Would you show every line from the records that holds "highlights"?
(GIVEN RECORDS begins)
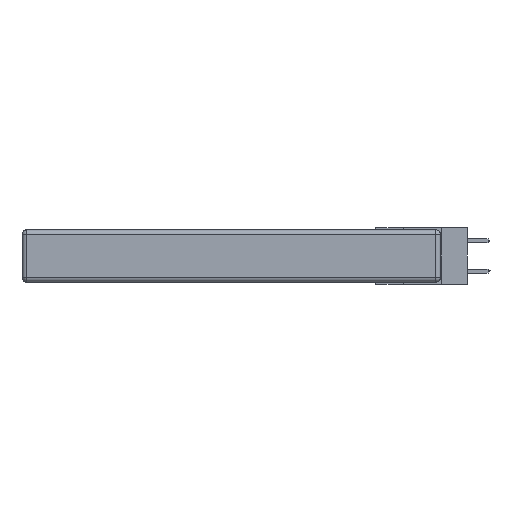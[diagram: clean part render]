
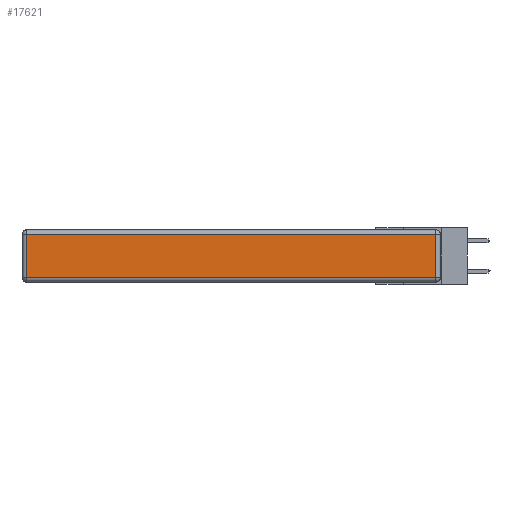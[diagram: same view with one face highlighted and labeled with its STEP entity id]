
A CAD part, left-side view. The second image highlights one B-rep face of the part: STEP entity #17621.
In plain terms, the highlighted planar face has unit normal (-1, 0, 0).
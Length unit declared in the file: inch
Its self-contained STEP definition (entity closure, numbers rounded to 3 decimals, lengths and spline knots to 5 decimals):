
#266 = DIRECTION ( 'NONE',  ( 0., 0., -1. ) ) ;
#439 = VECTOR ( 'NONE', #266, 39.37008 ) ;
#1260 = VERTEX_POINT ( 'NONE', #9912 ) ;
#2400 = EDGE_CURVE ( 'NONE', #16510, #3111, #18819, .T. ) ;
#2580 = EDGE_CURVE ( 'NONE', #1260, #16859, #7875, .T. ) ;
#3005 = CARTESIAN_POINT ( 'NONE',  ( 0., 0.03, -0.313 ) ) ;
#3111 = VERTEX_POINT ( 'NONE', #24826 ) ;
#4024 = CARTESIAN_POINT ( 'NONE',  ( 0., 2.72, -0.313 ) ) ;
#4674 = EDGE_LOOP ( 'NONE', ( #17686, #25148, #25658, #22364 ) ) ;
#7280 = CARTESIAN_POINT ( 'NONE',  ( 0., 0., -0.313 ) ) ;
#7875 = LINE ( 'NONE', #18034, #439 ) ;
#8492 = DIRECTION ( 'NONE',  ( -1., 0., 0. ) ) ;
#9380 = VECTOR ( 'NONE', #11870, 39.37008 ) ;
#9562 = CARTESIAN_POINT ( 'NONE',  ( 0., 0.03, -0.343 ) ) ;
#9912 = CARTESIAN_POINT ( 'NONE',  ( 0., 2.72, -0.03 ) ) ;
#10081 = EDGE_CURVE ( 'NONE', #3111, #1260, #16592, .T. ) ;
#10292 = VECTOR ( 'NONE', #23160, 39.37008 ) ;
#11714 = CARTESIAN_POINT ( 'NONE',  ( 0., 2.75, -0.03 ) ) ;
#11870 = DIRECTION ( 'NONE',  ( 0., 1., 0. ) ) ;
#12536 = DIRECTION ( 'NONE',  ( 0., 0., 1. ) ) ;
#13644 = AXIS2_PLACEMENT_3D ( 'NONE', #16783, #8492, #12536 ) ;
#14609 = PLANE ( 'NONE',  #13644 ) ;
#16311 = VECTOR ( 'NONE', #19597, 39.37008 ) ;
#16510 = VERTEX_POINT ( 'NONE', #3005 ) ;
#16592 = LINE ( 'NONE', #11714, #9380 ) ;
#16783 = CARTESIAN_POINT ( 'NONE',  ( 0., 0., -0.343 ) ) ;
#16859 = VERTEX_POINT ( 'NONE', #4024 ) ;
#17621 = ADVANCED_FACE ( 'NONE', ( #19361 ), #14609, .T. ) ;
#17686 = ORIENTED_EDGE ( 'NONE', *, *, #18251, .T. ) ;
#18034 = CARTESIAN_POINT ( 'NONE',  ( 0., 2.72, -0.343 ) ) ;
#18251 = EDGE_CURVE ( 'NONE', #16859, #16510, #21217, .T. ) ;
#18819 = LINE ( 'NONE', #9562, #16311 ) ;
#19361 = FACE_OUTER_BOUND ( 'NONE', #4674, .T. ) ;
#19597 = DIRECTION ( 'NONE',  ( 0., 0., 1. ) ) ;
#21217 = LINE ( 'NONE', #7280, #10292 ) ;
#22364 = ORIENTED_EDGE ( 'NONE', *, *, #2580, .T. ) ;
#23160 = DIRECTION ( 'NONE',  ( 0., -1., 0. ) ) ;
#24826 = CARTESIAN_POINT ( 'NONE',  ( 0., 0.03, -0.03 ) ) ;
#25148 = ORIENTED_EDGE ( 'NONE', *, *, #2400, .T. ) ;
#25658 = ORIENTED_EDGE ( 'NONE', *, *, #10081, .T. ) ;
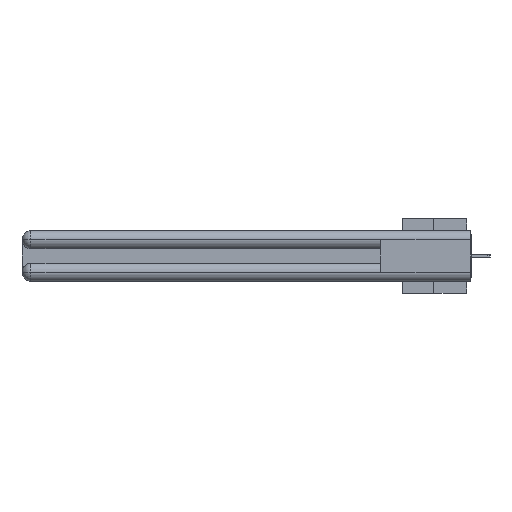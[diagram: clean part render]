
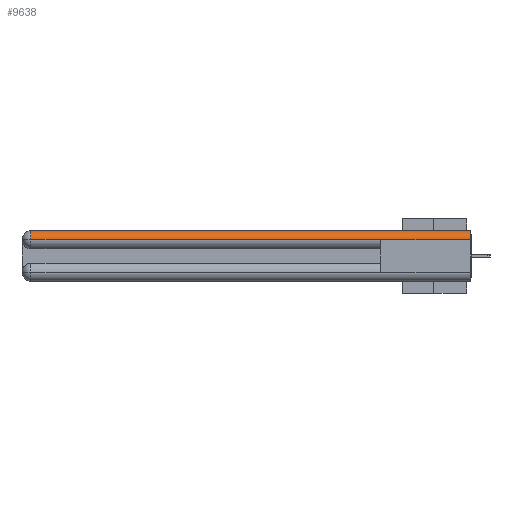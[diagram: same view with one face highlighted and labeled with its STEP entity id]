
A CAD part, left-side view. The second image highlights one B-rep face of the part: STEP entity #9638.
In plain terms, the highlighted cylindrical face has radius 1.562 mm (diameter 3.124 mm), a partial arc.
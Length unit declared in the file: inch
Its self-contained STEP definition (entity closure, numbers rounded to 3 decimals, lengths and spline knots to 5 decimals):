
#153 = DIRECTION ( 'NONE',  ( 0., -1., 0. ) ) ;
#659 = DIRECTION ( 'NONE',  ( 0., 0., 1. ) ) ;
#698 = CARTESIAN_POINT ( 'NONE',  ( 0., 0., -0.0615 ) ) ;
#1240 = CARTESIAN_POINT ( 'NONE',  ( 0., 2.94, -0.0615 ) ) ;
#2008 = EDGE_CURVE ( 'NONE', #33799, #7440, #19832, .T. ) ;
#3559 = EDGE_LOOP ( 'NONE', ( #7109, #14477, #30875, #25471, #33724 ) ) ;
#4316 = AXIS2_PLACEMENT_3D ( 'NONE', #26555, #26548, #26322 ) ;
#6974 = CARTESIAN_POINT ( 'NONE',  ( 0., 3., -0.0615 ) ) ;
#7055 = FACE_OUTER_BOUND ( 'NONE', #3559, .T. ) ;
#7109 = ORIENTED_EDGE ( 'NONE', *, *, #8234, .F. ) ;
#7440 = VERTEX_POINT ( 'NONE', #1240 ) ;
#8234 = EDGE_CURVE ( 'NONE', #33799, #14492, #30004, .T. ) ;
#9638 = ADVANCED_FACE ( 'NONE', ( #7055 ), #27478, .T. ) ;
#14477 = ORIENTED_EDGE ( 'NONE', *, *, #2008, .T. ) ;
#14492 = VERTEX_POINT ( 'NONE', #17660 ) ;
#15433 = VECTOR ( 'NONE', #20646, 39.37008 ) ;
#15719 = DIRECTION ( 'NONE',  ( 0., -1., 0. ) ) ;
#15963 = VECTOR ( 'NONE', #15719, 39.37008 ) ;
#16276 = CARTESIAN_POINT ( 'NONE',  ( 0.0615, 0., -0.0615 ) ) ;
#16776 = CARTESIAN_POINT ( 'NONE',  ( 0.0615, 0., -0.0615 ) ) ;
#17660 = CARTESIAN_POINT ( 'NONE',  ( 0.0615, 0., 0. ) ) ;
#17815 = EDGE_CURVE ( 'NONE', #23754, #29840, #29500, .T. ) ;
#18904 = DIRECTION ( 'NONE',  ( 1., 0., 0. ) ) ;
#19738 = EDGE_CURVE ( 'NONE', #14492, #23754, #30159, .T. ) ;
#19832 = CIRCLE ( 'NONE', #4316, 0.0615 ) ;
#20646 = DIRECTION ( 'NONE',  ( 0., 1., 0. ) ) ;
#22844 = CARTESIAN_POINT ( 'NONE',  ( 0., 0.6, -0.0615 ) ) ;
#23328 = CARTESIAN_POINT ( 'NONE',  ( 0.0615, 2.94, 0. ) ) ;
#23754 = VERTEX_POINT ( 'NONE', #698 ) ;
#25471 = ORIENTED_EDGE ( 'NONE', *, *, #17815, .F. ) ;
#26289 = CARTESIAN_POINT ( 'NONE',  ( 0.0615, 0., 0. ) ) ;
#26322 = DIRECTION ( 'NONE',  ( 0., 0., 1. ) ) ;
#26548 = DIRECTION ( 'NONE',  ( 0., -1., 0. ) ) ;
#26555 = CARTESIAN_POINT ( 'NONE',  ( 0.0615, 2.94, -0.0615 ) ) ;
#27478 = CYLINDRICAL_SURFACE ( 'NONE', #32116, 0.0615 ) ;
#28282 = DIRECTION ( 'NONE',  ( 0., -1., 0. ) ) ;
#28410 = LINE ( 'NONE', #6974, #32878 ) ;
#29500 = LINE ( 'NONE', #31142, #15433 ) ;
#29840 = VERTEX_POINT ( 'NONE', #22844 ) ;
#29874 = EDGE_CURVE ( 'NONE', #7440, #29840, #28410, .T. ) ;
#29952 = DIRECTION ( 'NONE',  ( 0., 1., 0. ) ) ;
#30004 = LINE ( 'NONE', #26289, #15963 ) ;
#30159 = CIRCLE ( 'NONE', #34371, 0.0615 ) ;
#30875 = ORIENTED_EDGE ( 'NONE', *, *, #29874, .T. ) ;
#31142 = CARTESIAN_POINT ( 'NONE',  ( 0., 3., -0.0615 ) ) ;
#32116 = AXIS2_PLACEMENT_3D ( 'NONE', #16776, #29952, #659 ) ;
#32878 = VECTOR ( 'NONE', #28282, 39.37008 ) ;
#33724 = ORIENTED_EDGE ( 'NONE', *, *, #19738, .F. ) ;
#33799 = VERTEX_POINT ( 'NONE', #23328 ) ;
#34371 = AXIS2_PLACEMENT_3D ( 'NONE', #16276, #153, #18904 ) ;
(GIVEN RECORDS ends)
## RESPONSE FOR THIS EXERCISE
A CAD part, left-side view. The second image highlights one B-rep face of the part: STEP entity #17621.
A CAD part, left-side view. The second image highlights one B-rep face of the part: STEP entity #9638.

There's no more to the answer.